Tips for WCF + XmlSerializer

Tip 1: For types that are marked with a MessageContractAttribute and IsWrapped=True, if you inherit from a base class that exposes a public XmlSerializerNamespaces property the namespaces are not properly serialized.  XmlSerializerNamespaces are used when you want to control the namespace prefixing and output during serialization.  This is accomplished by creating a public field with the name "xmlns" and marking it up with the XmlNamespaceDeclarationAttribute.  The XmlSerializer uses the presence of this field to output the Xml Namespaces and the associated prefixes within the element from the object in the object graph where the attribute was applied.

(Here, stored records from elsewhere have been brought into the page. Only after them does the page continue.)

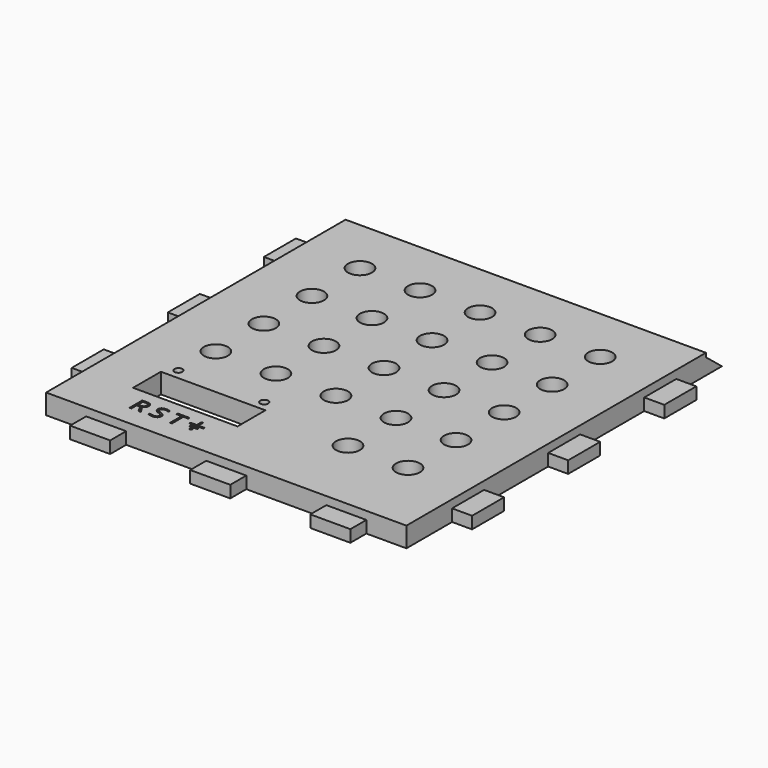
from build123d import *

# Parameters (mm, degrees)
F0_W          = 90
F0_H          = 98.5
F1_DEPTH      = 5
F3_DEPTH      = 100
F4_W          = 10
F4_H          = 3
F5_DEPTH      = 95
F5_DEPTH_BACK = 5
F6_W          = 10
F6_H          = 3
F7_DEPTH      = 5
F8_W          = 26.1
F8_H          = 8.7
F8_R          = 1
F9_DEPTH      = 25
F10_R         = 0.3
F10_W         = 2
F10_H         = 0.4
F10_W_2       = 0.4
F10_H_2       = 1.5
F10_TEXT_SIZE = 5.5555555556
F11_DEPTH     = 0.5
F12_R         = 3
F13_DEPTH     = 25
F15_DEPTH     = 2


# Not quite as in the source:
# - Text() gives the source's letters only with a copy of the font that has no kerning and outlines rounded to 1/6400 em; it was checked with that copy


with BuildPart() as f1:
    # F0 (on Top) → F1 (new body)
    with BuildSketch(Plane.XY):
        Rectangle(F0_W, F0_H)
    extrude(amount=F1_DEPTH)

    # F2 (on face) → F3 (cut)
    with BuildSketch(Plane.YZ.offset(45)):
        Polygon((49.25, 0), (49.25, 5), (44.25, 5), (44.25, 4), align=None)
    extrude(amount=-F3_DEPTH, mode=Mode.SUBTRACT)

    # F4 (on face) → F5 (join, two sides)
    with BuildSketch(Plane.YZ.offset(45)) as f5_sk:
        with Locations((0, 1.5)):
            Rectangle(F4_W, F4_H)
        with Locations((30, 1.5)):
            Rectangle(F4_W, F4_H)
        with Locations((-30, 1.5)):
            Rectangle(F4_W, F4_H)
    extrude(amount=-F5_DEPTH)
    extrude(f5_sk.sketch, amount=F5_DEPTH_BACK)

    # F6 (on face) → F7 (join)
    with BuildSketch(Plane.XZ.offset(49.25)):
        with Locations((-30, 1.5)):
            Rectangle(F6_W, F6_H)
        with Locations((0, 1.5)):
            Rectangle(F6_W, F6_H)
        with Locations((30, 1.5)):
            Rectangle(F6_W, F6_H)
    extrude(amount=F7_DEPTH)

    # F8 (on face) → F9 (cut)
    with BuildSketch(Plane.XY.offset(5)):
        with Locations((-19.95, -32.75)):
            Rectangle(F8_W, F8_H)
        with Locations((-30.665, -25.85)):
            Circle(F8_R)
        with Locations((-9.235, -25.85)):
            Circle(F8_R)
    extrude(amount=-F9_DEPTH, mode=Mode.SUBTRACT)

    # F10 (on face) → F11 (cut)
    with BuildSketch(Plane.XY.offset(5)):
        with Locations((-13.2973958333, -43.65)):
            Circle(F10_R)
        with Locations((-13.2973958333, -42.7)):
            Rectangle(F10_W, F10_H)
        Polygon((-13.4973958333, -41.6), (-15.0473958333, -41.6), (-15.0473958333, -42), (-11.5473958333, -42), (-11.5473958333, -41.6), (-13.0973958333, -41.6), align=None)
        with Locations((-13.2973958333, -40.85)):
            Rectangle(F10_W_2, F10_H_2)
        with Locations((-28.8, -44.1)):
            Text('R S T', F10_TEXT_SIZE, font='Open Sans', text_align=(TextAlign.LEFT, TextAlign.BOTTOM))
    extrude(amount=-F11_DEPTH, mode=Mode.SUBTRACT)

    # F12 (on face) → F13 (cut)
    with BuildSketch(Plane.XY.offset(5)):
        with Locations((-30, 30)):
            Circle(F12_R)
        with Locations((-30, 15)):
            Circle(F12_R)
        with Locations((-30, 0)):
            Circle(F12_R)
        with Locations((-30, -15)):
            Circle(F12_R)
        with Locations((-15, 30)):
            Circle(F12_R)
        with Locations((-15, 15)):
            Circle(F12_R)
        with Locations((-15, 0)):
            Circle(F12_R)
        with Locations((-15, -15)):
            Circle(F12_R)
        with Locations((0, 30)):
            Circle(F12_R)
        with Locations((0, 15)):
            Circle(F12_R)
        Circle(F12_R)
        with Locations((0, -15)):
            Circle(F12_R)
        with Locations((15, 30)):
            Circle(F12_R)
        with Locations((15, 15)):
            Circle(F12_R)
        with Locations((15, 0)):
            Circle(F12_R)
        with Locations((15, -15)):
            Circle(F12_R)
        with Locations((30, 30)):
            Circle(F12_R)
        with Locations((30, 15)):
            Circle(F12_R)
        with Locations((30, 0)):
            Circle(F12_R)
        with Locations((30, -15)):
            Circle(F12_R)
        with Locations((30, -30)):
            Circle(F12_R)
        with Locations((15, -30)):
            Circle(F12_R)
    extrude(amount=-F13_DEPTH, mode=Mode.SUBTRACT)

    # F14 (on face) → F15 (cut)
    with BuildSketch(Plane(origin=(0, 0, 0), x_dir=(1, 0, 0), z_dir=(0, 0, -1))):
        Polygon((-31.8197005384, 23.85), (-29.5102994616, 23.85), (-28.3555989232, 25.85), (-29.5102994616, 27.85), (-31.8197005384, 27.85), (-32.9744010768, 25.85), align=None)
        Polygon((-10.3897005384, 23.85), (-8.0802994616, 23.85), (-6.9255989232, 25.85), (-8.0802994616, 27.85), (-10.3897005384, 27.85), (-11.5444010768, 25.85), align=None)
    extrude(amount=-F15_DEPTH, mode=Mode.SUBTRACT)


solid = f1.part

Tip 2: If you have a class marked with the MessageContractAttribute and you inherit from a base class within that class then the base class must also be marked with the MessageContract attribute.  WCF gives you a nice error message explaining this because it is unable to start the service.

Tip 3: In some cases both SvcUtil and WSCF generate ReplyAction="*" on the WSDL.  This could potentially make it fail in an interop scenario.  Not exactly sure what causes that but in any case, if you have trouble then remove that from the service contract.  A tell tale sign is that when you view the WSDL page for your service you do not see any of the operations listed.